[Records excerpted from a collection]

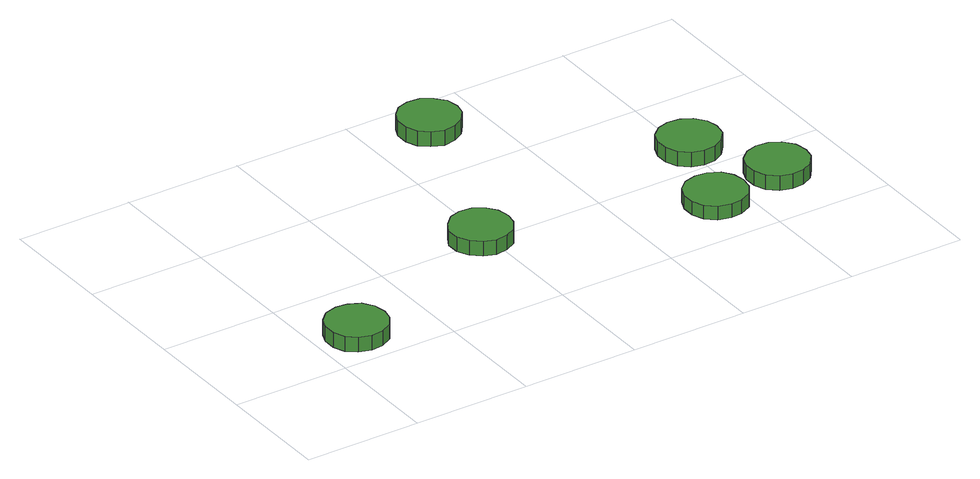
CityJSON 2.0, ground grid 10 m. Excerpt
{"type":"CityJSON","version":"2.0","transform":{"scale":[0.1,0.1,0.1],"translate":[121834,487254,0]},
"CityObjects":{
"tree1":{"type":"SolitaryVegetationObject","attributes":{"function":"something"},"geometry":[{"type":"MultiSurface","lod":"1","boundaries":[[[0,1,2,3,4,5,6,7,8,9,10,11,12,13,14]],[[15,16,17,18,19,20,21,22,23,24,25,26,27,28,29]],[[0,29,28,1]],[[1,28,27,2]],[[2,27,26,3]],[[3,26,25,4]],[[4,25,24,5]],[[5,24,23,6]],[[6,23,22,7]],[[7,22,21,8]],[[8,21,20,9]],[[9,20,19,10]],[[10,19,18,11]],[[11,18,17,12]],[[12,17,16,13]],[[13,16,15,14]],[[14,15,29,0]]]}]},
"tree2":{"type":"SolitaryVegetationObject","attributes":{"function":"something"},"geometry":[{"type":"MultiSurface","lod":"1","boundaries":[[[30,31,32,33,34,35,36,37,38,39,40,41,42,43,44]],[[45,46,47,48,49,50,51,52,53,54,55,56,57,58,59]],[[30,59,58,31]],[[31,58,57,32]],[[32,57,56,33]],[[33,56,55,34]],[[34,55,54,35]],[[35,54,53,36]],[[36,53,52,37]],[[37,52,51,38]],[[38,51,50,39]],[[39,50,49,40]],[[40,49,48,41]],[[41,48,47,42]],[[42,47,46,43]],[[43,46,45,44]],[[44,45,59,30]]]}]},
"tree3":{"type":"SolitaryVegetationObject","attributes":{"function":"something"},"geometry":[{"type":"MultiSurface","lod":"1","boundaries":[[[60,61,62,63,64,65,66,67,68,69,70,71,72,73,74]],[[75,76,77,78,79,80,81,82,83,84,85,86,87,88,89]],[[60,89,88,61]],[[61,88,87,62]],[[62,87,86,63]],[[63,86,85,64]],[[64,85,84,65]],[[65,84,83,66]],[[66,83,82,67]],[[67,82,81,68]],[[68,81,80,69]],[[69,80,79,70]],[[70,79,78,71]],[[71,78,77,72]],[[72,77,76,73]],[[73,76,75,74]],[[74,75,89,60]]]}]},
"tree4":{"type":"SolitaryVegetationObject","attributes":{"function":"something"},"geometry":[{"type":"MultiSurface","lod":"1","boundaries":[[[90,91,92,93,94,95,96,97,98,99,100,101,102,103,104]],[[105,106,107,108,109,110,111,112,113,114,115,116,117,118,119]],[[90,119,118,91]],[[91,118,117,92]],[[92,117,116,93]],[[93,116,115,94]],[[94,115,114,95]],[[95,114,113,96]],[[96,113,112,97]],[[97,112,111,98]],[[98,111,110,99]],[[99,110,109,100]],[[100,109,108,101]],[[101,108,107,102]],[[102,107,106,103]],[[103,106,105,104]],[[104,105,119,90]]]}]},
"tree5":{"type":"SolitaryVegetationObject","attributes":{"function":"something"},"geometry":[{"type":"MultiSurface","lod":"1","boundaries":[[[120,121,122,123,124,125,126,127,128,129,130,131,132,133,134]],[[135,136,137,138,139,140,141,142,143,144,145,146,147,148,149]],[[120,149,148,121]],[[121,148,147,122]],[[122,147,146,123]],[[123,146,145,124]],[[124,145,144,125]],[[125,144,143,126]],[[126,143,142,127]],[[127,142,141,128]],[[128,141,140,129]],[[129,140,139,130]],[[130,139,138,131]],[[131,138,137,132]],[[132,137,136,133]],[[133,136,135,134]],[[134,135,149,120]]]}]},
"tree6":{"type":"SolitaryVegetationObject","attributes":{"function":"something"},"geometry":[{"type":"MultiSurface","lod":"1","boundaries":[[[150,151,152,153,154,155,156,157,158,159,160,161,162,163,164]],[[165,166,167,168,169,170,171,172,173,174,175,176,177,178,179]],[[150,179,178,151]],[[151,178,177,152]],[[152,177,176,153]],[[153,176,175,154]],[[154,175,174,155]],[[155,174,173,156]],[[156,173,172,157]],[[157,172,171,158]],[[158,171,170,159]],[[159,170,169,160]],[[160,169,168,161]],[[161,168,167,162]],[[162,167,166,163]],[[163,166,165,164]],[[164,165,179,150]]]}]}
},
"vertices":[
[60,35,20],[58,46,20],[52,55,20],[42,60,20],[32,61,20],[21,58,20],[13,50,20],[9,41,20],[9,30,20],[13,20,20],[21,13,20],[32,10,20],[42,11,20],[52,16,20],[58,25,20],[58,25,7],[52,16,7],[42,11,7],[32,10,7],[21,13,7],[13,20,7],[9,30,7],[9,41,7],[13,50,7],[21,58,7],[32,61,7],[42,60,7],[52,55,7],[58,46,7],[60,35,7],
[219,103,20],[217,114,20],[211,122,20],[202,128,20],[191,129,20],[181,126,20],[173,118,20],[168,109,20],[168,98,20],[173,88,20],[181,81,20],[191,77,20],[202,79,20],[211,84,20],[217,93,20],[217,93,7],[211,84,7],[202,79,7],[191,77,7],[181,81,7],[173,88,7],[168,98,7],[168,109,7],[173,118,7],[181,126,7],[191,129,7],[202,128,7],[211,122,7],[217,114,7],[219,103,7],
[279,264,19],[277,275,19],[270,283,19],[261,289,19],[250,290,19],[240,287,19],[232,279,19],[228,270,19],[228,259,19],[232,249,19],[240,242,19],[250,238,19],[261,240,19],[270,245,19],[277,254,19],[277,254,6],[270,245,6],[261,240,6],[250,238,6],[240,242,6],[232,249,6],[228,259,6],[228,270,6],[232,279,6],[240,287,6],[250,290,6],[261,289,6],[270,283,6],[277,275,6],[279,264,6],
[400,50,19],[398,60,19],[392,69,19],[382,74,19],[372,75,19],[361,72,19],[353,65,19],[349,55,19],[349,44,19],[353,34,19],[361,27,19],[372,24,19],[382,25,19],[392,30,19],[398,39,19],[398,39,7],[392,30,7],[382,25,7],[372,24,7],[361,27,7],[353,34,7],[349,44,7],[349,55,7],[353,65,7],[361,72,7],[372,75,7],[382,74,7],[392,69,7],[398,60,7],[400,50,7],
[428,129,19],[426,139,19],[419,148,19],[410,153,19],[399,154,19],[389,151,19],[381,144,19],[377,134,19],[377,123,19],[381,113,19],[389,106,19],[399,103,19],[410,104,19],[419,109,19],[426,118,19],[426,118,6],[419,109,6],[410,104,6],[399,103,6],[389,106,6],[381,113,6],[377,123,6],[377,134,6],[381,144,6],[389,151,6],[399,154,6],[410,153,6],[419,148,6],[426,139,6],[428,129,6],
[465,61,19],[463,72,19],[456,81,19],[447,86,19],[436,87,19],[426,84,19],[418,77,19],[414,67,19],[414,56,19],[418,46,19],[426,39,19],[436,36,19],[447,37,19],[456,42,19],[463,51,19],[463,51,6],[456,42,6],[447,37,6],[436,36,6],[426,39,6],[418,46,6],[414,56,6],[414,67,6],[418,77,6],[426,84,6],[436,87,6],[447,86,6],[456,81,6],[463,72,6],[465,61,6]
]}

**Problem requirements:** Reproduce the data above exactly, leaving out any picture in it.

**Solution to this problem:**
CityJSON 2.0, ground grid 10 m. Excerpt
{"type":"CityJSON","version":"2.0","transform":{"scale":[0.1,0.1,0.1],"translate":[121834,487254,0]},
"CityObjects":{
"tree1":{"type":"SolitaryVegetationObject","attributes":{"function":"something"},"geometry":[{"type":"MultiSurface","lod":"1","boundaries":[[[0,1,2,3,4,5,6,7,8,9,10,11,12,13,14]],[[15,16,17,18,19,20,21,22,23,24,25,26,27,28,29]],[[0,29,28,1]],[[1,28,27,2]],[[2,27,26,3]],[[3,26,25,4]],[[4,25,24,5]],[[5,24,23,6]],[[6,23,22,7]],[[7,22,21,8]],[[8,21,20,9]],[[9,20,19,10]],[[10,19,18,11]],[[11,18,17,12]],[[12,17,16,13]],[[13,16,15,14]],[[14,15,29,0]]]}]},
"tree2":{"type":"SolitaryVegetationObject","attributes":{"function":"something"},"geometry":[{"type":"MultiSurface","lod":"1","boundaries":[[[30,31,32,33,34,35,36,37,38,39,40,41,42,43,44]],[[45,46,47,48,49,50,51,52,53,54,55,56,57,58,59]],[[30,59,58,31]],[[31,58,57,32]],[[32,57,56,33]],[[33,56,55,34]],[[34,55,54,35]],[[35,54,53,36]],[[36,53,52,37]],[[37,52,51,38]],[[38,51,50,39]],[[39,50,49,40]],[[40,49,48,41]],[[41,48,47,42]],[[42,47,46,43]],[[43,46,45,44]],[[44,45,59,30]]]}]},
"tree3":{"type":"SolitaryVegetationObject","attributes":{"function":"something"},"geometry":[{"type":"MultiSurface","lod":"1","boundaries":[[[60,61,62,63,64,65,66,67,68,69,70,71,72,73,74]],[[75,76,77,78,79,80,81,82,83,84,85,86,87,88,89]],[[60,89,88,61]],[[61,88,87,62]],[[62,87,86,63]],[[63,86,85,64]],[[64,85,84,65]],[[65,84,83,66]],[[66,83,82,67]],[[67,82,81,68]],[[68,81,80,69]],[[69,80,79,70]],[[70,79,78,71]],[[71,78,77,72]],[[72,77,76,73]],[[73,76,75,74]],[[74,75,89,60]]]}]},
"tree4":{"type":"SolitaryVegetationObject","attributes":{"function":"something"},"geometry":[{"type":"MultiSurface","lod":"1","boundaries":[[[90,91,92,93,94,95,96,97,98,99,100,101,102,103,104]],[[105,106,107,108,109,110,111,112,113,114,115,116,117,118,119]],[[90,119,118,91]],[[91,118,117,92]],[[92,117,116,93]],[[93,116,115,94]],[[94,115,114,95]],[[95,114,113,96]],[[96,113,112,97]],[[97,112,111,98]],[[98,111,110,99]],[[99,110,109,100]],[[100,109,108,101]],[[101,108,107,102]],[[102,107,106,103]],[[103,106,105,104]],[[104,105,119,90]]]}]},
"tree5":{"type":"SolitaryVegetationObject","attributes":{"function":"something"},"geometry":[{"type":"MultiSurface","lod":"1","boundaries":[[[120,121,122,123,124,125,126,127,128,129,130,131,132,133,134]],[[135,136,137,138,139,140,141,142,143,144,145,146,147,148,149]],[[120,149,148,121]],[[121,148,147,122]],[[122,147,146,123]],[[123,146,145,124]],[[124,145,144,125]],[[125,144,143,126]],[[126,143,142,127]],[[127,142,141,128]],[[128,141,140,129]],[[129,140,139,130]],[[130,139,138,131]],[[131,138,137,132]],[[132,137,136,133]],[[133,136,135,134]],[[134,135,149,120]]]}]},
"tree6":{"type":"SolitaryVegetationObject","attributes":{"function":"something"},"geometry":[{"type":"MultiSurface","lod":"1","boundaries":[[[150,151,152,153,154,155,156,157,158,159,160,161,162,163,164]],[[165,166,167,168,169,170,171,172,173,174,175,176,177,178,179]],[[150,179,178,151]],[[151,178,177,152]],[[152,177,176,153]],[[153,176,175,154]],[[154,175,174,155]],[[155,174,173,156]],[[156,173,172,157]],[[157,172,171,158]],[[158,171,170,159]],[[159,170,169,160]],[[160,169,168,161]],[[161,168,167,162]],[[162,167,166,163]],[[163,166,165,164]],[[164,165,179,150]]]}]}
},
"vertices":[
[60,35,20],[58,46,20],[52,55,20],[42,60,20],[32,61,20],[21,58,20],[13,50,20],[9,41,20],[9,30,20],[13,20,20],[21,13,20],[32,10,20],[42,11,20],[52,16,20],[58,25,20],[58,25,7],[52,16,7],[42,11,7],[32,10,7],[21,13,7],[13,20,7],[9,30,7],[9,41,7],[13,50,7],[21,58,7],[32,61,7],[42,60,7],[52,55,7],[58,46,7],[60,35,7],
[219,103,20],[217,114,20],[211,122,20],[202,128,20],[191,129,20],[181,126,20],[173,118,20],[168,109,20],[168,98,20],[173,88,20],[181,81,20],[191,77,20],[202,79,20],[211,84,20],[217,93,20],[217,93,7],[211,84,7],[202,79,7],[191,77,7],[181,81,7],[173,88,7],[168,98,7],[168,109,7],[173,118,7],[181,126,7],[191,129,7],[202,128,7],[211,122,7],[217,114,7],[219,103,7],
[279,264,19],[277,275,19],[270,283,19],[261,289,19],[250,290,19],[240,287,19],[232,279,19],[228,270,19],[228,259,19],[232,249,19],[240,242,19],[250,238,19],[261,240,19],[270,245,19],[277,254,19],[277,254,6],[270,245,6],[261,240,6],[250,238,6],[240,242,6],[232,249,6],[228,259,6],[228,270,6],[232,279,6],[240,287,6],[250,290,6],[261,289,6],[270,283,6],[277,275,6],[279,264,6],
[400,50,19],[398,60,19],[392,69,19],[382,74,19],[372,75,19],[361,72,19],[353,65,19],[349,55,19],[349,44,19],[353,34,19],[361,27,19],[372,24,19],[382,25,19],[392,30,19],[398,39,19],[398,39,7],[392,30,7],[382,25,7],[372,24,7],[361,27,7],[353,34,7],[349,44,7],[349,55,7],[353,65,7],[361,72,7],[372,75,7],[382,74,7],[392,69,7],[398,60,7],[400,50,7],
[428,129,19],[426,139,19],[419,148,19],[410,153,19],[399,154,19],[389,151,19],[381,144,19],[377,134,19],[377,123,19],[381,113,19],[389,106,19],[399,103,19],[410,104,19],[419,109,19],[426,118,19],[426,118,6],[419,109,6],[410,104,6],[399,103,6],[389,106,6],[381,113,6],[377,123,6],[377,134,6],[381,144,6],[389,151,6],[399,154,6],[410,153,6],[419,148,6],[426,139,6],[428,129,6],
[465,61,19],[463,72,19],[456,81,19],[447,86,19],[436,87,19],[426,84,19],[418,77,19],[414,67,19],[414,56,19],[418,46,19],[426,39,19],[436,36,19],[447,37,19],[456,42,19],[463,51,19],[463,51,6],[456,42,6],[447,37,6],[436,36,6],[426,39,6],[418,46,6],[414,56,6],[414,67,6],[418,77,6],[426,84,6],[436,87,6],[447,86,6],[456,81,6],[463,72,6],[465,61,6]
]}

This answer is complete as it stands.